Le groupe essaie d’ĂŞtre l’Ă©talon-or de l’autodĂ©fense des synagogues – un objectif devenu encore plus pertinent après le massacre de dimanche dans une Ă©glise du Texas qui a fait au moins 26 morts. La police dit qu’un homme de 26 ans, Devin Patrick Kelley, a ouvert le feu avec une arme d’assaut de style militaire avant d’ĂŞtre tuĂ© par un voisin et de mourir de ses blessures.

«Si la communautĂ© juive est censĂ©e ĂŞtre un exemple pour le reste du monde, alors nous devrions montrer aux autres communautĂ©s comment s’organiser et comment aider les forces de l’ordre Ă  nous aider», Jason Friedman, Community Security Directeur exĂ©cutif de Service, a dĂ©clarĂ© JTA.
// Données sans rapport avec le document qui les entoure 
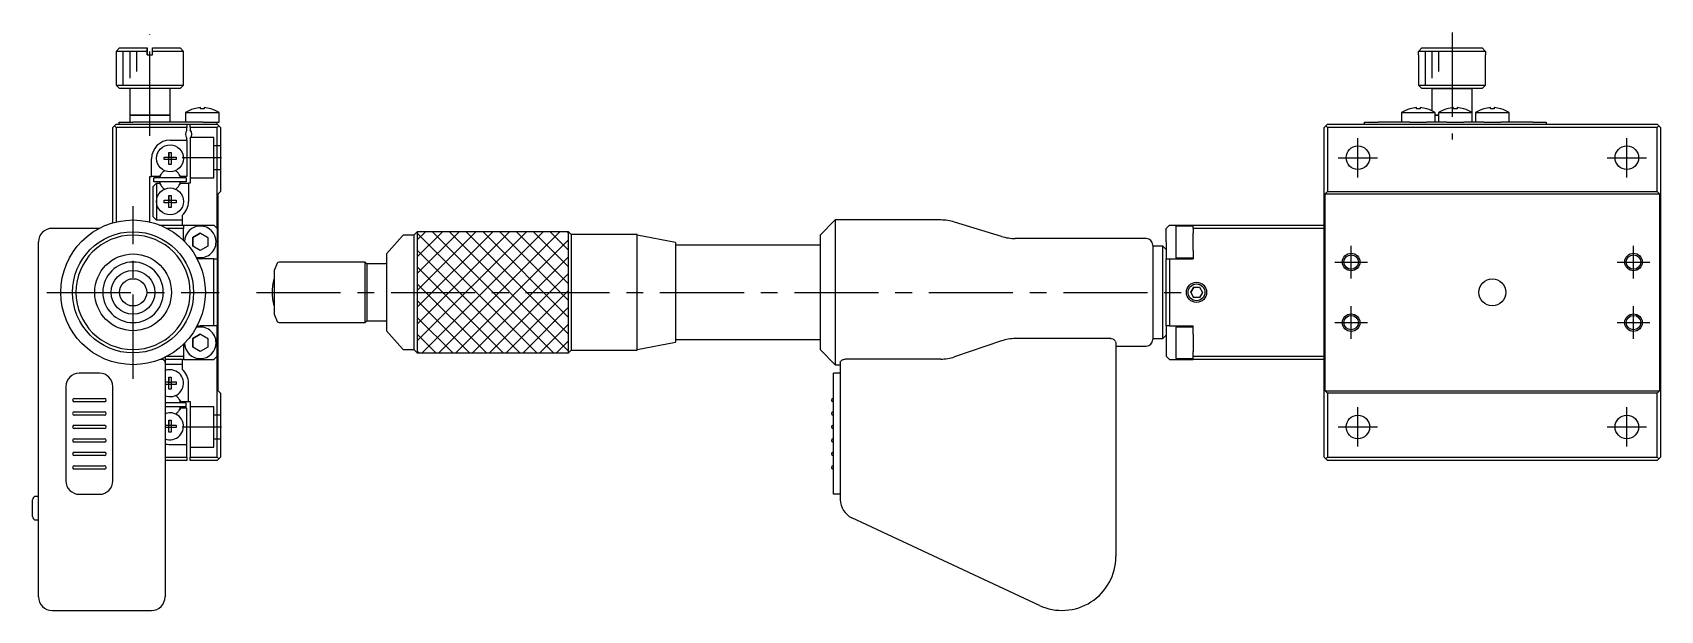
# Model space of a CAD drawing. Extents: x 17 to 518, y 13 to 179.
# Drawn here: x 276 to 518.2, y 58.2 to 144.1 of the extents above; entities that cross this region are included whole.
import ezdxf

# ---------------------------------------------------------------- set-up
doc = ezdxf.new("R2010")
doc.units = 0
doc.header["$LTSCALE"] = 10
doc.linetypes.add('CENTER', pattern=[2, 1.25, -0.25, 0.25, -0.25])
doc.linetypes.add('DASHED', pattern=[3.5, 2, -1.5])
doc.layers.get('0').update_dxf_attribs({"linetype": 'CONTINUOUS'})
doc.layers.add('CENTER', color=1, linetype='CENTER')

msp = doc.modelspace()

# ---------------------------------------------------------------- linework, layer by layer
at = {"color": 7, "linetype": 'CONTINUOUS'}
for p, q in [((288.975, 141.775), (288.475, 141.275)), ((293.075, 141.275), (288.475, 141.275)), ((288.475, 141.275), (288.475, 136.275)), ((288.975, 141.775), (293.075, 141.775)), ((293.075, 141.275), (293.075, 141.775)), ((293.075, 141.775), (293.075, 141.275)), ((293.075, 140.775), (293.075, 141.275)), ((293.075, 141.275), (293.075, 140.775)), ((293.075, 140.775), (293.875, 140.775)), ((293.875, 141.775), (297.975, 141.775)), ((293.875, 141.275), (293.875, 141.775)), ((298.475, 141.275), (293.875, 141.275)), ((293.875, 140.775), (293.875, 141.275)), ((298.475, 141.275), (297.975, 141.775)), ((298.475, 136.275), (298.475, 141.275)), ((482.155071, 140.775), (482.171096, 140.775)), ((482.155071, 140.775), (482.155071, 136.275)), ((482.171096, 141.275), (482.672884, 141.775)), ((482.171096, 140.775), (482.171096, 141.275)), ((492.139045, 141.275), (482.171096, 141.275)), ((482.672884, 141.775), (491.637258, 141.775)), ((491.637258, 141.775), (492.139045, 141.275)), ((492.139045, 141.275), (492.139045, 140.775)), ((492.139045, 140.775), (492.155071, 140.775)), ((492.155071, 136.275), (492.155071, 140.775)), ((288.475, 136.275), (298.475, 136.275)), ((288.475, 136.275), (288.975, 135.775)), ((297.975, 135.775), (288.975, 135.775)), ((290.475, 135.775), (290.475, 131.775)), ((296.475, 131.775), (296.475, 135.775)), ((297.975, 135.775), (298.475, 136.275)), ((482.155071, 136.275), (492.155071, 136.275)), ((482.155071, 136.275), (482.655071, 135.775)), ((484.155071, 135.775), (482.655071, 135.775)), ((491.655071, 135.775), (482.655071, 135.775)), ((490.155071, 135.775), (484.155071, 135.775)), ((484.155071, 135.775), (490.155071, 135.775)), ((484.155071, 135.775), (484.155071, 132.456129)), ((491.655071, 135.775), (490.155071, 135.775)), ((490.155071, 132.166657), (490.155071, 135.775)), ((491.655071, 135.775), (492.155071, 136.275)), ((288.925, 130.475), (288.925, 130.775)), ((288.925, 130.775), (290.925, 130.775)), ((296.475, 131.775), (290.475, 131.775)), ((290.475, 131.775), (296.475, 131.775)), ((290.475, 131.775), (290.475, 130.775)), ((300.2, 130.775), (290.925, 130.775)), ((296.475, 130.775), (296.475, 131.775)), ((298.775, 132.166657), (303.775, 132.166657)), ((298.775, 132.166657), (298.775, 130.775)), ((300.01641, 132.737581), (300.013067, 132.744436)), ((301.425, 130.775), (300.2, 130.775)), ((301.015, 132.737581), (301.015, 132.909953)), ((301.535, 132.737581), (301.015, 132.737581)), ((301.425, 130.775), (303.425, 130.775)), ((301.535, 132.909953), (301.535, 132.737581)), ((302.536933, 132.744436), (302.53359, 132.737581)), ((303.425, 130.775), (303.425, 130.475)), ((303.425, 130.775), (303.775, 130.775)), ((303.775, 130.775), (303.775, 132.166657)), ((474.155071, 130.475), (474.155071, 130.775)), ((474.155071, 130.775), (476.155071, 130.775)), ((480.879335, 130.775), (476.155071, 130.775)), ((479.655071, 132.166657), (482.155071, 132.166657)), ((479.655071, 132.166657), (479.655071, 130.775)), ((480.879335, 130.775), (482.155071, 130.775)), ((480.896481, 132.737581), (480.893138, 132.744436)), ((481.895071, 132.737581), (481.895071, 132.909953)), ((482.415071, 132.737581), (481.895071, 132.737581)), ((482.155071, 132.166657), (484.655071, 132.166657)), ((482.155071, 130.775), (483.430806, 130.775)), ((482.415071, 132.909953), (482.415071, 132.737581)), ((483.417003, 132.744436), (483.41366, 132.737581)), ((486.379335, 130.775), (483.430806, 130.775)), ((484.655071, 130.775), (484.655071, 132.166657)), ((485.155071, 131.775), (484.655071, 131.775)), ((484.655071, 131.775), (485.155071, 131.775)), ((485.155071, 132.166657), (487.655071, 132.166657)), ((485.155071, 132.166657), (485.155071, 130.775)), ((486.379335, 130.775), (487.655071, 130.775)), ((486.396481, 132.737581), (486.393138, 132.744436)), ((487.395071, 132.737581), (487.395071, 132.909953)), ((487.915071, 132.737581), (487.395071, 132.737581)), ((487.655071, 132.166657), (490.155071, 132.166657)), ((487.655071, 130.775), (488.930806, 130.775)), ((487.915071, 132.909953), (487.915071, 132.737581)), ((488.917003, 132.744436), (488.91366, 132.737581)), ((491.879335, 130.775), (488.930806, 130.775)), ((490.155071, 130.775), (490.155071, 132.166657)), ((490.655071, 132.166657), (493.155071, 132.166657)), ((490.655071, 132.166657), (490.655071, 130.775)), ((491.879335, 130.775), (493.155071, 130.775)), ((491.896481, 132.737581), (491.893138, 132.744436)), ((492.895071, 132.737581), (492.895071, 132.909953)), ((493.415071, 132.737581), (492.895071, 132.737581)), ((493.155071, 132.166657), (495.655071, 132.166657)), ((493.155071, 130.775), (494.430806, 130.775)), ((493.415071, 132.909953), (493.415071, 132.737581)), ((494.417003, 132.744436), (494.41366, 132.737581)), ((499.155071, 130.775), (494.430806, 130.775)), ((495.655071, 130.775), (495.655071, 132.166657)), ((499.155071, 130.775), (501.155071, 130.775)), ((501.155071, 130.775), (501.155071, 130.475)), ((288.225, 130.225), (287.975, 129.975)), ((287.975, 115.797911), (287.975, 129.975)), ((288.225, 130.225), (288.475, 130.475)), ((288.475, 129.975), (288.225, 130.225)), ((288.475, 130.475), (298.975, 130.475)), ((298.975, 129.975), (288.475, 129.975)), ((288.475, 129.975), (288.475, 115.930262)), ((298.975, 130.475), (299.475, 130.475)), ((298.975, 130.475), (298.975, 129.975)), ((298.975, 129.575), (298.975, 129.975)), ((298.975, 128.075), (298.975, 128.375)), ((299.475, 129.975), (299.475, 130.475)), ((299.475, 130.475), (303.475, 130.475)), ((299.475, 129.975), (299.475, 129.636438)), ((303.475, 129.975), (299.475, 129.975)), ((303.475, 130.475), (303.725, 130.225)), ((303.725, 130.225), (303.475, 129.975)), ((303.475, 114.975), (303.475, 129.975)), ((303.975, 129.975), (303.725, 130.225)), ((303.975, 129.975), (303.975, 120.475)), ((468.405071, 130.225), (468.155071, 129.975)), ((468.155071, 114.975), (468.155071, 129.975)), ((468.655071, 130.475), (468.405071, 130.225)), ((468.655071, 129.975), (468.405071, 130.225)), ((468.655071, 130.475), (517.655071, 130.475)), ((468.655071, 129.975), (468.655071, 120.475)), ((517.655071, 129.975), (468.655071, 129.975)), ((517.905071, 130.225), (517.655071, 130.475)), ((517.905071, 130.225), (517.655071, 129.975)), ((517.655071, 120.475), (517.655071, 129.975)), ((518.155071, 129.975), (517.905071, 130.225)), ((518.155071, 129.975), (518.155071, 80.975)), ((296.295, 126.261361), (296.655, 126.261361)), ((296.295, 125.555), (296.295, 126.261361)), ((296.295, 126.261361), (296.295, 125.555)), ((296.475, 128.075), (298.975, 128.075)), ((296.655, 126.261361), (296.655, 125.555)), ((298.975, 128.075), (298.975, 122.675)), ((299.475, 128.313562), (299.475, 121.675)), ((293.725, 122.675), (293.725, 125.325)), ((295.588639, 125.195), (295.588639, 125.555)), ((295.588639, 125.555), (296.295, 125.555)), ((296.295, 125.195), (295.588639, 125.195)), ((296.305372, 125.544628), (296.295, 125.555)), ((296.305372, 125.205372), (296.295, 125.195)), ((296.295, 124.488639), (296.295, 125.195)), ((296.295, 124.488639), (296.295, 125.195)), ((296.655, 124.488639), (296.295, 124.488639)), ((296.305372, 125.544628), (296.644628, 125.544628)), ((296.305372, 125.205372), (296.305372, 125.544628)), ((296.644628, 125.205372), (296.305372, 125.205372)), ((296.644628, 125.544628), (296.655, 125.555)), ((296.644628, 125.544628), (296.644628, 125.205372)), ((296.644628, 125.205372), (296.655, 125.195)), ((296.655, 125.555), (297.361361, 125.555)), ((296.655, 125.195), (296.655, 124.488639)), ((297.361361, 125.195), (296.655, 125.195)), ((297.361361, 125.555), (297.361361, 125.195)), ((293.475, 122.675), (293.725, 122.675)), ((293.475, 120.475), (293.475, 122.675)), ((294.930588, 122.675), (293.725, 122.675)), ((293.975, 121.175), (294.475, 121.675)), ((293.975, 116.675), (293.975, 121.175)), ((298.875, 122.475), (294.075, 122.475)), ((294.075, 121.875), (294.075, 122.475)), ((298.875, 121.875), (294.075, 121.875)), ((294.475, 121.675), (294.475, 118.975)), ((294.475, 121.675), (294.930588, 121.675)), ((295.100185, 122.96875), (294.930588, 122.675)), ((294.930588, 121.675), (295.100185, 121.38125)), ((298.019412, 122.675), (297.849815, 122.96875)), ((297.849815, 121.38125), (298.019412, 121.675)), ((298.975, 122.675), (298.019412, 122.675)), ((298.019412, 121.675), (299.225, 121.675)), ((298.875, 122.475), (298.875, 121.875)), ((299.225, 121.675), (299.225, 118.975)), ((299.475, 121.675), (299.225, 121.675)), ((293.475, 115.930262), (293.475, 120.475)), ((294.475, 118.975), (294.475, 116.175)), ((295.588639, 118.795), (295.588639, 119.155)), ((295.588639, 119.155), (296.295, 119.155)), ((296.295, 118.795), (295.588639, 118.795)), ((296.295, 119.861361), (296.655, 119.861361)), ((296.295, 119.155), (296.295, 119.861361)), ((296.295, 119.861361), (296.295, 119.155)), ((296.305372, 119.144628), (296.295, 119.155)), ((296.305372, 118.805372), (296.295, 118.795)), ((296.295, 118.088639), (296.295, 118.795)), ((296.295, 118.088639), (296.295, 118.795)), ((296.305372, 119.144628), (296.644628, 119.144628)), ((296.305372, 118.805372), (296.305372, 119.144628)), ((296.644628, 118.805372), (296.305372, 118.805372)), ((296.644628, 119.144628), (296.655, 119.155)), ((296.644628, 119.144628), (296.644628, 118.805372)), ((296.644628, 118.805372), (296.655, 118.795)), ((296.655, 119.861361), (296.655, 119.155)), ((296.655, 119.155), (297.361361, 119.155)), ((296.655, 118.795), (296.655, 118.088639)), ((297.361361, 118.795), (296.655, 118.795)), ((297.361361, 119.155), (297.361361, 118.795)), ((303.625, 120.125), (303.975, 120.475)), ((303.625, 90.825), (303.625, 120.125)), ((468.305071, 120.125), (468.655071, 120.475)), ((468.305071, 90.825), (468.305071, 120.125)), ((468.305071, 120.125), (518.005071, 120.125)), ((468.655071, 120.475), (517.655071, 120.475)), ((517.655071, 120.475), (518.005071, 120.125)), ((518.005071, 120.125), (518.005071, 90.825)), ((294.475, 116.175), (293.975, 116.675)), ((296.655, 118.088639), (296.295, 118.088639)), ((298.275, 116.895938), (298.275, 115.475)), ((395.405071, 116.225), (393.155071, 113.975)), ((395.405071, 116.225), (395.405071, 105.475)), ((411.109487, 116.225), (395.405071, 116.225)), ((285.943847, 114.975), (278.925, 114.975)), ((298.275, 116.175), (294.475, 116.175)), ((294.919933, 115.475), (298.475, 115.475)), ((298.475, 114.975), (296.006153, 114.975)), ((298.475, 115.475), (298.475, 114.975)), ((298.475, 115.475), (302.975, 115.475)), ((298.475, 113.176461), (298.475, 114.975)), ((299.875, 113.610085), (300.975, 114.245171)), ((300.975, 114.245171), (299.875, 113.610085)), ((300.975, 114.245171), (302.075, 113.610085)), ((302.075, 113.610085), (300.975, 114.245171)), ((303.475, 114.975), (302.975, 115.475)), ((303.475, 114.975), (303.475, 110.475)), ((331.06561, 113.874805), (328.655071, 111.175)), ((332.755071, 113.975), (331.289392, 113.975)), ((333.255071, 114.475), (332.755071, 113.975)), ((332.755071, 113.975), (332.755071, 96.975)), ((333.255071, 114.475), (333.255071, 105.475)), ((355.755071, 114.475), (333.255071, 114.475)), ((355.755071, 105.475), (355.755071, 114.475)), ((356.155071, 114.075), (355.755071, 114.475)), ((356.155071, 114.075), (356.155071, 105.475)), ((365.955071, 114.075), (356.155071, 114.075)), ((365.955071, 105.475), (365.955071, 114.075)), ((371.655071, 112.867032), (365.955071, 113.975)), ((393.155071, 113.975), (393.155071, 105.475)), ((420.155125, 113.780539), (413.155016, 115.919461)), ((445.155071, 115.475), (444.655071, 114.975)), ((444.655071, 112.975), (444.655071, 114.975)), ((445.155071, 115.475), (448.655071, 115.475)), ((446.055071, 115.325), (446.055071, 112.975)), ((448.655071, 115.325), (446.055071, 115.325)), ((448.655071, 115.475), (468.155071, 115.475)), ((448.655071, 114.975), (448.655071, 115.475)), ((448.655071, 114.975), (448.655071, 114.275)), ((468.155071, 114.975), (448.655071, 114.975)), ((448.655071, 111.675), (448.655071, 114.275)), ((468.155071, 114.975), (468.155071, 95.975)), ((468.155071, 95.975), (468.155071, 114.975)), ((276.925, 111.975), (276.925, 112.975)), ((276.925, 74.69734), (276.925, 111.975)), ((299.875, 112.339915), (299.875, 113.610085)), ((299.875, 113.610085), (299.875, 112.339915)), ((300.975, 111.704829), (299.875, 112.339915)), ((302.075, 112.339915), (300.975, 111.704829)), ((302.075, 113.610085), (302.075, 112.339915)), ((371.655071, 112.867032), (371.655071, 105.475)), ((393.155071, 112.475), (371.655071, 112.475)), ((441.655071, 113.475), (422.200654, 113.475)), ((442.655071, 112.475), (442.655071, 105.475)), ((444.155071, 112.325), (442.655071, 112.325)), ((444.155071, 105.475), (444.155071, 112.325)), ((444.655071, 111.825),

CSS se concentre sur la formation des membres de la communauté pour repérer les comportements suspects et ainsi éviter les attaques potentielles.

«Notre objectif principal est d’obtenir des volontaires de la formation des synagogues Ă  la connaissance de la situation et Ă  la thĂ©orie de base de la sĂ©curitĂ©. Cela signifie comment assurer la sĂ©curitĂ© dans leur synagogue, oĂą se tenir, quoi chercher, comment communiquer».

Les volontaires suivent un cours de base qui dure quelques soirées. Ensuite, ils peuvent suivre des cours supplémentaires sur des sujets plus avancés. CSS fournit également une formation de base en self-défense.

CSS a Ă©tĂ© fondĂ©e en 2007 par David Dabscheck, aujourd’hui PDG de l’agence de conseil GIANT Innovation, et Adam Sager, un vĂ©tĂ©ran de l’armĂ©e israĂ©lienne qui dirige aujourd’hui la sociĂ©tĂ© de sĂ©curitĂ© Canary. Ils ont recrutĂ© Friedman, un officier de la marine amĂ©ricaine qui a servi en Afghanistan, en tant que leur premier volontaire. L’annĂ©e dernière, Friedman est devenu le premier directeur exĂ©cutif de CSS, une organisation Ă  but non lucratif qui fonctionne sur les dons et le soutien des fondations.

Friedman dit que les organisations juives ont sous-utilisé cette sécurité.

« Je crois que les membres de la communautĂ© juive n’ont pas Ă©tĂ© suffisamment engagĂ©s en matière de sĂ©curitĂ© juive », a-t-il dit, « et sans leur participation, les initiatives de sĂ©curitĂ© ne sont pas viables ».

Friedman dit que les organisations juives font face Ă  de multiples types de menaces, y compris des nationalistes d’extrĂŞme droite et des nĂ©o-nazis, des islamistes radicaux et des activistes anti-israĂ©liens d’extrĂŞme gauche. Certaines synagogues ont signalĂ© des incidents de tir, comme la synagogue d’Evanston, en Indiana, qui a signalĂ© un trou de balle dans une fenĂŞtre de la classe d’une Ă©cole hĂ©braĂŻque en mars.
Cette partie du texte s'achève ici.